If anyone has any advice with getting the text of a web page without this issue, or at least a work-around so that I can convert the invalid string to a valid one, it'd be appreciated
Cheers!
Comments
clarification
Actually after playing around a bit, let me clarify the problem I'm having:
Using Curl /wget in either of the following ways:
I then view either of the text files using text editor (have tried 'vim' and 'text editor') and international characters display 'normally'...eg:
"Preferências"
However when viewed using utilities like 'less' the same word is displayed as: "Preferncias".
Now it's not really 'less' that I have a problem with but when I try to load the text file via PHP or execute a command like:
$page = shell_exec("curl www.google.com.br")

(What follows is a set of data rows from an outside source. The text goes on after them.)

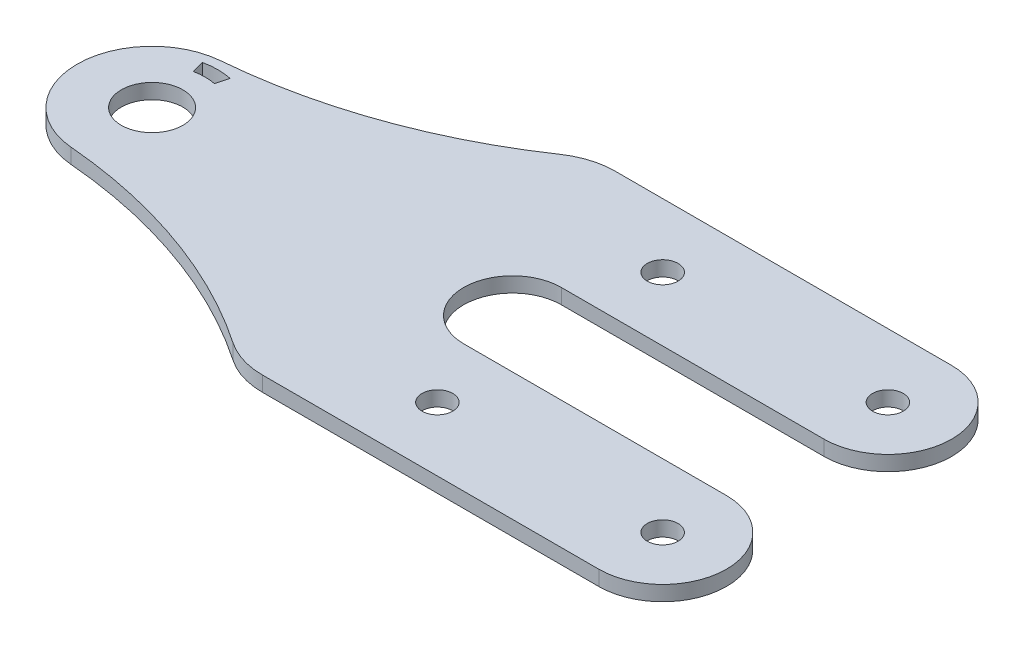
ISO-10303-21;
HEADER;
FILE_DESCRIPTION(('STEP AP214'),'2;1');
FILE_NAME('part.step','',(''),(''),'','','');
FILE_SCHEMA(('AUTOMOTIVE_DESIGN { 1 0 10303 214 1 1 1 1 }'));
ENDSEC;
DATA;
#1=APPLICATION_CONTEXT('core data for automotive mechanical design processes');
#2=APPLICATION_PROTOCOL_DEFINITION('international standard','automotive_design',2000,#1);
#3=PRODUCT_CONTEXT('',#1,'mechanical');
#4=PRODUCT('Part','Part','',(#3));
#5=PRODUCT_RELATED_PRODUCT_CATEGORY('part','',(#4));
#6=PRODUCT_DEFINITION_FORMATION('','',#4);
#7=PRODUCT_DEFINITION_CONTEXT('part definition',#1,'design');
#8=PRODUCT_DEFINITION('design','',#6,#7);
#9=PRODUCT_DEFINITION_SHAPE('','',#8);
#10=(LENGTH_UNIT() NAMED_UNIT(*) SI_UNIT(.MILLI.,.METRE.));
#11=(NAMED_UNIT(*) PLANE_ANGLE_UNIT() SI_UNIT($,.RADIAN.));
#12=(NAMED_UNIT(*) SI_UNIT($,.STERADIAN.) SOLID_ANGLE_UNIT());
#13=UNCERTAINTY_MEASURE_WITH_UNIT(LENGTH_MEASURE(1.E-05),#10,'distance_accuracy_value','');
#14=(GEOMETRIC_REPRESENTATION_CONTEXT(3) GLOBAL_UNCERTAINTY_ASSIGNED_CONTEXT((#13)) GLOBAL_UNIT_ASSIGNED_CONTEXT((#10,
#11,#12)) REPRESENTATION_CONTEXT('',''));
#15=CARTESIAN_POINT('',(0.,0.,0.));
#16=DIRECTION('',(0.,0.,1.));
#17=DIRECTION('',(1.,0.,0.));
#18=AXIS2_PLACEMENT_3D('',#15,#16,#17);
#19=CARTESIAN_POINT('',(0.,2.,0.));
#20=DIRECTION('',(0.,1.,0.));
#21=DIRECTION('',(0.,0.,1.));
#22=AXIS2_PLACEMENT_3D('',#19,#20,#21);
#23=PLANE('',#22);
#24=CARTESIAN_POINT('',(0.,2.,0.));
#25=DIRECTION('',(0.,1.,0.));
#26=DIRECTION('',(0.,0.,1.));
#27=AXIS2_PLACEMENT_3D('',#24,#25,#26);
#28=CIRCLE('',#27,8.75);
#29=CARTESIAN_POINT('',(1.84067203226459,2.,-8.55420519216362));
#30=VERTEX_POINT('',#29);
#31=CARTESIAN_POINT('',(-1.84067203226459,2.,-8.55420519216362));
#32=VERTEX_POINT('',#31);
#33=EDGE_CURVE('E155',#30,#32,#28,.T.);
#34=ORIENTED_EDGE('',*,*,#33,.F.);
#35=DIRECTION('',(0.258819045102521,0.,-0.965925826289068));
#36=VECTOR('',#35,1.);
#37=CARTESIAN_POINT('',(1.84067203226459,2.,-8.55420519216362));
#38=LINE('',#37,#36);
#39=CARTESIAN_POINT('',(1.4,2.,-6.90959477827752));
#40=VERTEX_POINT('',#39);
#41=EDGE_CURVE('E173',#40,#30,#38,.T.);
#42=ORIENTED_EDGE('',*,*,#41,.F.);
#43=CARTESIAN_POINT('',(0.,2.,0.));
#44=DIRECTION('',(0.,-1.,0.));
#45=DIRECTION('',(0.,0.,1.));
#46=AXIS2_PLACEMENT_3D('',#43,#44,#45);
#47=CIRCLE('',#46,7.05);
#48=CARTESIAN_POINT('',(-1.4,2.,-6.90959477827752));
#49=VERTEX_POINT('',#48);
#50=EDGE_CURVE('E176',#49,#40,#47,.T.);
#51=ORIENTED_EDGE('',*,*,#50,.F.);
#52=DIRECTION('',(0.258819045102521,0.,0.965925826289068));
#53=VECTOR('',#52,1.);
#54=CARTESIAN_POINT('',(-1.84067203226459,2.,-8.55420519216362));
#55=LINE('',#54,#53);
#56=EDGE_CURVE('E182',#32,#49,#55,.T.);
#57=ORIENTED_EDGE('',*,*,#56,.F.);
#58=EDGE_LOOP('',(#34,#42,#51,#57));
#59=FACE_BOUND('',#58,.T.);
#60=CARTESIAN_POINT('',(53.,2.,15.));
#61=DIRECTION('',(0.,1.,0.));
#62=DIRECTION('',(0.,0.,1.));
#63=AXIS2_PLACEMENT_3D('',#60,#61,#62);
#64=CIRCLE('',#63,2.05);
#65=CARTESIAN_POINT('',(53.,2.,17.05));
#66=VERTEX_POINT('',#65);
#67=EDGE_CURVE('E198',#66,#66,#64,.T.);
#68=ORIENTED_EDGE('',*,*,#67,.F.);
#69=EDGE_LOOP('',(#68));
#70=FACE_BOUND('',#69,.T.);
#71=CARTESIAN_POINT('',(53.,2.,-15.));
#72=DIRECTION('',(0.,1.,0.));
#73=DIRECTION('',(0.,0.,1.));
#74=AXIS2_PLACEMENT_3D('',#71,#72,#73);
#75=CIRCLE('',#74,2.04999999999999);
#76=CARTESIAN_POINT('',(53.,2.,-12.95));
#77=VERTEX_POINT('',#76);
#78=EDGE_CURVE('E210',#77,#77,#75,.T.);
#79=ORIENTED_EDGE('',*,*,#78,.F.);
#80=EDGE_LOOP('',(#79));
#81=FACE_BOUND('',#80,.T.);
#82=CARTESIAN_POINT('',(-6.70730685117692,2.,79.7183293528167));
#83=DIRECTION('',(0.,1.,0.));
#84=DIRECTION('',(0.,0.,1.));
#85=AXIS2_PLACEMENT_3D('',#82,#83,#84);
#86=CIRCLE('',#85,70.);
#87=CARTESIAN_POINT('',(-0.838413356397115,2.,9.96479116910209));
#88=VERTEX_POINT('',#87);
#89=CARTESIAN_POINT('',(32.5716454540123,2.,21.7772911691021));
#90=VERTEX_POINT('',#89);
#91=EDGE_CURVE('E285',#88,#90,#86,.F.);
#92=ORIENTED_EDGE('',*,*,#91,.T.);
#93=CARTESIAN_POINT('',(38.1829243547536,2.,13.5));
#94=DIRECTION('',(0.,1.,0.));
#95=DIRECTION('',(0.,0.,1.));
#96=AXIS2_PLACEMENT_3D('',#93,#94,#95);
#97=CIRCLE('',#96,10.);
#98=CARTESIAN_POINT('',(38.1829243547536,2.,23.5));
#99=VERTEX_POINT('',#98);
#100=EDGE_CURVE('E298',#90,#99,#97,.T.);
#101=ORIENTED_EDGE('',*,*,#100,.T.);
#102=DIRECTION('',(1.,0.,0.));
#103=VECTOR('',#102,1.);
#104=CARTESIAN_POINT('',(35.,2.,23.5));
#105=LINE('',#104,#103);
#106=CARTESIAN_POINT('',(83.,2.,23.5));
#107=VERTEX_POINT('',#106);
#108=EDGE_CURVE('E225',#99,#107,#105,.T.);
#109=ORIENTED_EDGE('',*,*,#108,.T.);
#110=CARTESIAN_POINT('',(83.,2.,15.));
#111=DIRECTION('',(0.,1.,0.));
#112=DIRECTION('',(0.,0.,1.));
#113=AXIS2_PLACEMENT_3D('',#110,#111,#112);
#114=CIRCLE('',#113,8.5);
#115=CARTESIAN_POINT('',(83.,2.,6.5));
#116=VERTEX_POINT('',#115);
#117=EDGE_CURVE('E228',#107,#116,#114,.T.);
#118=ORIENTED_EDGE('',*,*,#117,.T.);
#119=DIRECTION('',(-1.,0.,0.));
#120=VECTOR('',#119,1.);
#121=CARTESIAN_POINT('',(83.,2.,6.5));
#122=LINE('',#121,#120);
#123=CARTESIAN_POINT('',(48.,2.,6.50000000000001));
#124=VERTEX_POINT('',#123);
#125=EDGE_CURVE('E230',#116,#124,#122,.T.);
#126=ORIENTED_EDGE('',*,*,#125,.T.);
#127=CARTESIAN_POINT('',(48.,2.,0.));
#128=DIRECTION('',(0.,-1.,0.));
#129=DIRECTION('',(0.,0.,1.));
#130=AXIS2_PLACEMENT_3D('',#127,#128,#129);
#131=CIRCLE('',#130,6.5);
#132=CARTESIAN_POINT('',(48.,2.,-6.5));
#133=VERTEX_POINT('',#132);
#134=EDGE_CURVE('E232',#124,#133,#131,.T.);
#135=ORIENTED_EDGE('',*,*,#134,.T.);
#136=DIRECTION('',(1.,0.,0.));
#137=VECTOR('',#136,1.);
#138=CARTESIAN_POINT('',(83.,2.,-6.5));
#139=LINE('',#138,#137);
#140=CARTESIAN_POINT('',(83.,2.,-6.5));
#141=VERTEX_POINT('',#140);
#142=EDGE_CURVE('E234',#133,#141,#139,.T.);
#143=ORIENTED_EDGE('',*,*,#142,.T.);
#144=CARTESIAN_POINT('',(83.,2.,-15.));
#145=DIRECTION('',(0.,1.,0.));
#146=DIRECTION('',(0.,0.,1.));
#147=AXIS2_PLACEMENT_3D('',#144,#145,#146);
#148=CIRCLE('',#147,8.5);
#149=CARTESIAN_POINT('',(83.,2.,-23.5));
#150=VERTEX_POINT('',#149);
#151=EDGE_CURVE('E236',#141,#150,#148,.T.);
#152=ORIENTED_EDGE('',*,*,#151,.T.);
#153=DIRECTION('',(-1.,0.,0.));
#154=VECTOR('',#153,1.);
#155=CARTESIAN_POINT('',(35.,2.,-23.5));
#156=LINE('',#155,#154);
#157=CARTESIAN_POINT('',(38.1829243547536,2.,-23.5));
#158=VERTEX_POINT('',#157);
#159=EDGE_CURVE('E238',#150,#158,#156,.T.);
#160=ORIENTED_EDGE('',*,*,#159,.T.);
#161=CARTESIAN_POINT('',(38.1829243547536,2.,-13.5));
#162=DIRECTION('',(0.,1.,0.));
#163=DIRECTION('',(0.,0.,1.));
#164=AXIS2_PLACEMENT_3D('',#161,#162,#163);
#165=CIRCLE('',#164,10.);
#166=CARTESIAN_POINT('',(32.5716454540122,2.,-21.7772911691021));
#167=VERTEX_POINT('',#166);
#168=EDGE_CURVE('E50',#158,#167,#165,.T.);
#169=ORIENTED_EDGE('',*,*,#168,.T.);
#170=CARTESIAN_POINT('',(-6.70730685117692,2.,-79.7183293528167));
#171=DIRECTION('',(0.,1.,0.));
#172=DIRECTION('',(0.,0.,1.));
#173=AXIS2_PLACEMENT_3D('',#170,#171,#172);
#174=CIRCLE('',#173,70.);
#175=CARTESIAN_POINT('',(-0.838413356397115,2.,-9.96479116910209));
#176=VERTEX_POINT('',#175);
#177=EDGE_CURVE('E281',#167,#176,#174,.F.);
#178=ORIENTED_EDGE('',*,*,#177,.T.);
#179=CARTESIAN_POINT('',(0.,2.,0.));
#180=DIRECTION('',(0.,1.,0.));
#181=DIRECTION('',(0.,0.,1.));
#182=AXIS2_PLACEMENT_3D('',#179,#180,#181);
#183=CIRCLE('',#182,10.);
#184=EDGE_CURVE('E222',#176,#88,#183,.T.);
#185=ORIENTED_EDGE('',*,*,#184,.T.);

it seems to mess up the international characters, which display as a black diamond with a question mark in them....
I have tried "html_entity_decode()" but that doesn't help...
Any tips?
for posterity and anyone
for posterity and anyone having a similar issue....
I had tried "html_entity_decode" and "htmlspecialchars" functions thinknig they should have handled utf8 issues - solved by applying "utf8_encode($string)" function! DOH!